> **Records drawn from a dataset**

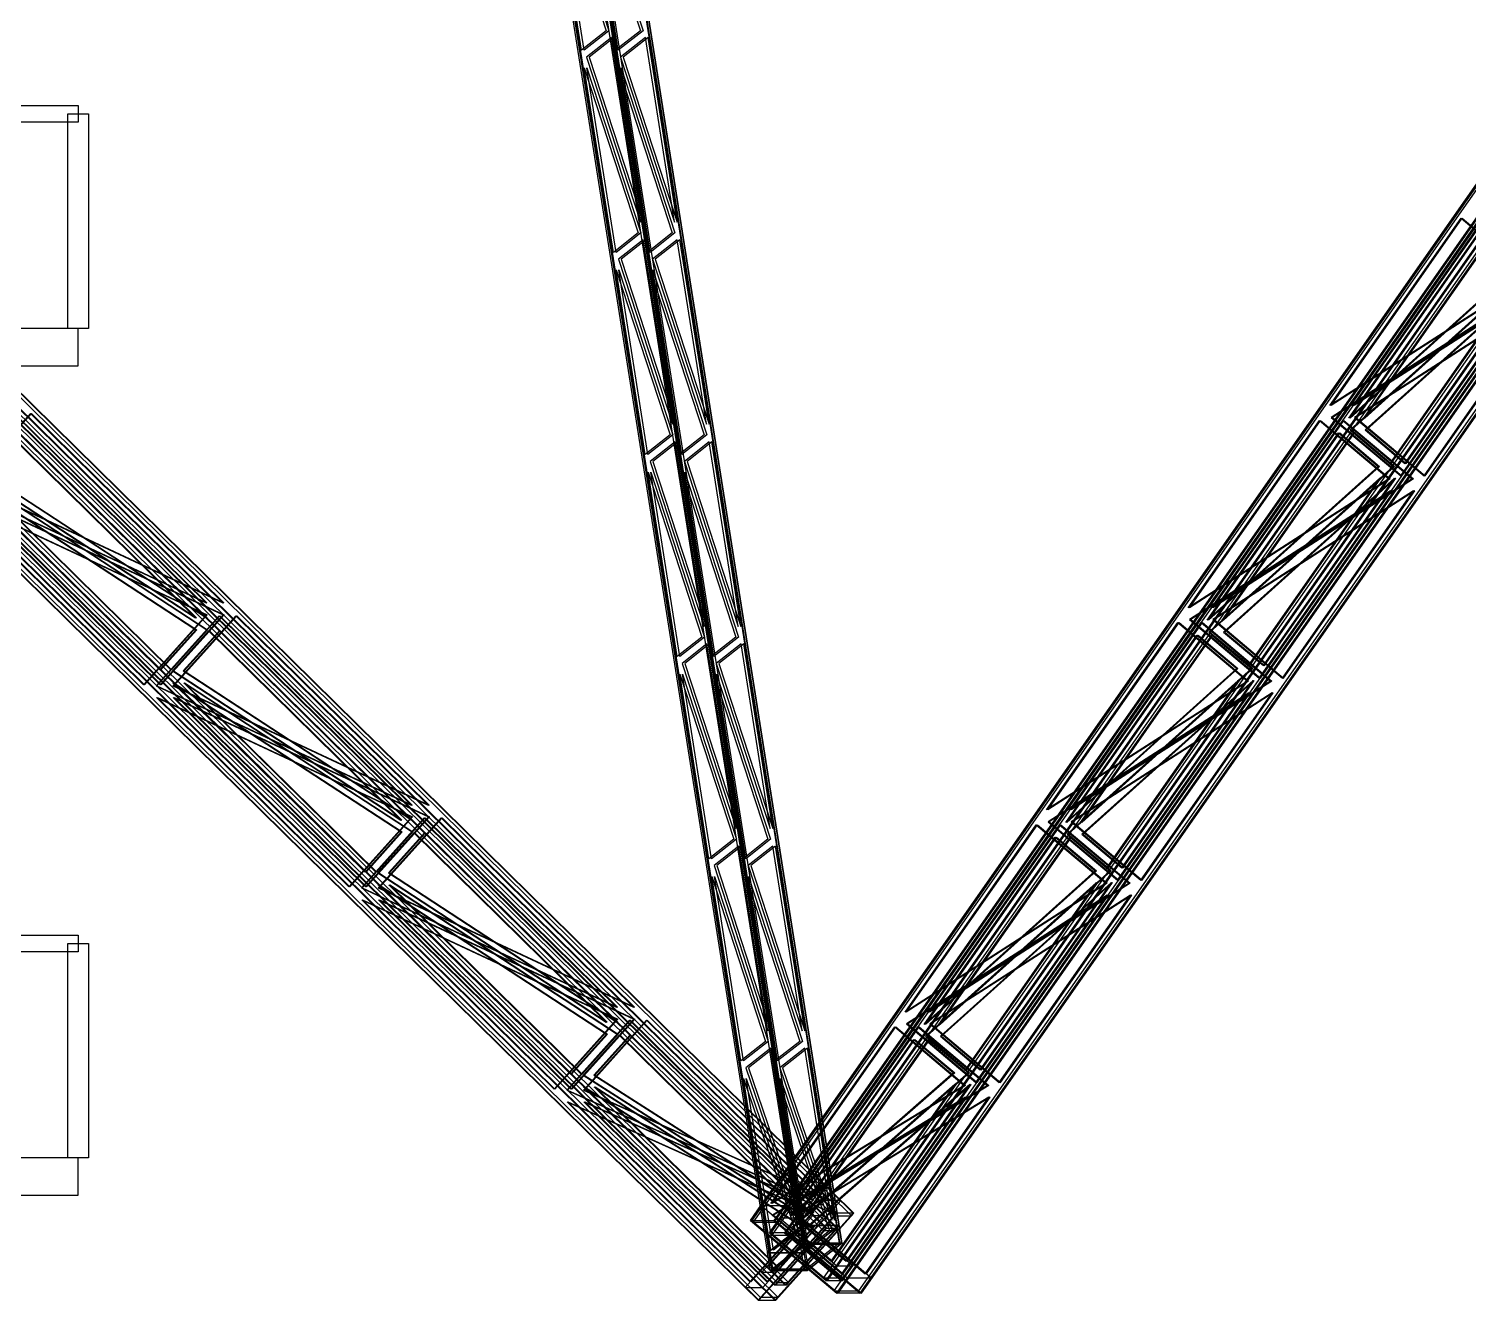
# Model space of a CAD drawing. Header units: millimetres. Extents: x -48000 to 1060615, y -2000 to 333000.
# Drawn here: x 9036 to 16748, y 39767 to 46581 of the extents above; entities that cross this region are included whole.
import ezdxf

# ---------------------------------------------------------------- set-up
doc = ezdxf.new("R2010")
doc.units = ezdxf.units.MM
doc.layers.add('D-STR-CORE', color=7, linetype='Continuous', lineweight=25)
doc.layers.add('D-STR-STRC', color=7, linetype='Continuous', lineweight=25)

msp = doc.modelspace()

# ---------------------------------------------------------------- linework, layer by layer
at = {"layer": 'D-STR-CORE'}
for points in [[(4700, 46170), (9300, 46170), (9300, 46080), (4700, 46080)], [(9245, 44975), (9245, 46125), (9355, 46125), (9355, 44975)], [(4700, 44775), (9300, 44775), (9300, 44975), (4700, 44975)], [(4700, 41724.17), (9300, 41724.17), (9300, 41634.17), (4700, 41634.17)], [(9245, 40529.17), (9245, 41679.17), (9355, 41679.17), (9355, 40529.17)], [(4700, 40329.17), (9300, 40329.17), (9300, 40529.17), (4700, 40529.17)]]:
    msp.add_lwpolyline(points, close=True, dxfattribs=at)
at = {"layer": 'D-STR-STRC'}
for points in [[(13361.95, 40233.09), (12943.18, 39766.91), (-256.82, 52766.91), (161.95, 53233.09)], [(13366.7, 40233.09), (12947.92, 39766.91), (-252.08, 52766.91), (166.7, 53233.09)], [(13452.08, 40233.09), (13033.3, 39766.91), (-166.7, 52766.91), (252.08, 53233.09)], [(13456.82, 40233.09), (13038.05, 39766.91), (-161.95, 52766.91), (256.82, 53233.09)], [(13306.28, 40152.97), (13031.46, 39847.03), (-168.54, 52847.03), (106.28, 53152.97)], [(13311.03, 40152.97), (13036.21, 39847.03), (-163.79, 52847.03), (111.03, 53152.97)], [(13363.79, 40152.97), (13088.97, 39847.03), (-111.03, 52847.03), (163.79, 53152.97)], [(13368.54, 40152.97), (13093.72, 39847.03), (-106.28, 52847.03), (168.54, 53152.97)], [(12902.88, 40194.89), (13365.76, 39805.11), (22468.33, 52805.11), (22005.45, 53194.89)], [(12909.45, 40194.89), (13372.33, 39805.11), (22474.89, 52805.11), (22012.01, 53194.89)], [(13027.67, 40194.89), (13490.55, 39805.11), (22593.11, 52805.11), (22130.23, 53194.89)], [(13034.24, 40194.89), (13497.12, 39805.11), (22599.68, 52805.11), (22136.8, 53194.89)], [(13194.41, 40073.12), (13008.82, 39926.88), (10960.1, 52926.88), (11145.69, 53073.12)], [(13194.41, 40073.12), (13008.82, 39926.88), (10960.1, 52926.88), (11145.69, 53073.12)], [(13208.72, 40073.12), (13023.13, 39926.88), (10974.41, 52926.88), (11160, 53073.12)], [(13208.72, 40073.12), (13023.13, 39926.88), (10974.41, 52926.88), (11160, 53073.12)], [(13376.87, 40073.12), (13191.28, 39926.88), (11142.56, 52926.88), (11328.15, 53073.12)], [(13376.87, 40073.12), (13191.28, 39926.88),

> **YOUR GOAL**
Write out every record exactly. Leave the pictures out.

> **RESPONSE TO THIS TASK**
# Model space of a CAD drawing. Header units: millimetres. Extents: x -48000 to 1060615, y -2000 to 333000.
# Drawn here: x 9036 to 16748, y 39767 to 46581 of the extents above; entities that cross this region are included whole.
import ezdxf

# ---------------------------------------------------------------- set-up
doc = ezdxf.new("R2010")
doc.units = ezdxf.units.MM
doc.layers.add('D-STR-CORE', color=7, linetype='Continuous', lineweight=25)
doc.layers.add('D-STR-STRC', color=7, linetype='Continuous', lineweight=25)

msp = doc.modelspace()

# ---------------------------------------------------------------- linework, layer by layer
at = {"layer": 'D-STR-CORE'}
for points in [[(4700, 46170), (9300, 46170), (9300, 46080), (4700, 46080)], [(9245, 44975), (9245, 46125), (9355, 46125), (9355, 44975)], [(4700, 44775), (9300, 44775), (9300, 44975), (4700, 44975)], [(4700, 41724.17), (9300, 41724.17), (9300, 41634.17), (4700, 41634.17)], [(9245, 40529.17), (9245, 41679.17), (9355, 41679.17), (9355, 40529.17)], [(4700, 40329.17), (9300, 40329.17), (9300, 40529.17), (4700, 40529.17)]]:
    msp.add_lwpolyline(points, close=True, dxfattribs=at)
at = {"layer": 'D-STR-STRC'}
for points in [[(13361.95, 40233.09), (12943.18, 39766.91), (-256.82, 52766.91), (161.95, 53233.09)], [(13366.7, 40233.09), (12947.92, 39766.91), (-252.08, 52766.91), (166.7, 53233.09)], [(13452.08, 40233.09), (13033.3, 39766.91), (-166.7, 52766.91), (252.08, 53233.09)], [(13456.82, 40233.09), (13038.05, 39766.91), (-161.95, 52766.91), (256.82, 53233.09)], [(13306.28, 40152.97), (13031.46, 39847.03), (-168.54, 52847.03), (106.28, 53152.97)], [(13311.03, 40152.97), (13036.21, 39847.03), (-163.79, 52847.03), (111.03, 53152.97)], [(13363.79, 40152.97), (13088.97, 39847.03), (-111.03, 52847.03), (163.79, 53152.97)], [(13368.54, 40152.97), (13093.72, 39847.03), (-106.28, 52847.03), (168.54, 53152.97)], [(12902.88, 40194.89), (13365.76, 39805.11), (22468.33, 52805.11), (22005.45, 53194.89)], [(12909.45, 40194.89), (13372.33, 39805.11), (22474.89, 52805.11), (22012.01, 53194.89)], [(13027.67, 40194.89), (13490.55, 39805.11), (22593.11, 52805.11), (22130.23, 53194.89)], [(13034.24, 40194.89), (13497.12, 39805.11), (22599.68, 52805.11), (22136.8, 53194.89)], [(13194.41, 40073.12), (13008.82, 39926.88), (10960.1, 52926.88), (11145.69, 53073.12)], [(13194.41, 40073.12), (13008.82, 39926.88), (10960.1, 52926.88), (11145.69, 53073.12)], [(13208.72, 40073.12), (13023.13, 39926.88), (10974.41, 52926.88), (11160, 53073.12)], [(13208.72, 40073.12), (13023.13, 39926.88), (10974.41, 52926.88), (11160, 53073.12)], [(13376.87, 40073.12), (13191.28, 39926.88), (11142.56, 52926.88), (11328.15, 53073.12)], [(13376.87, 40073.12), (13191.28, 39926.88),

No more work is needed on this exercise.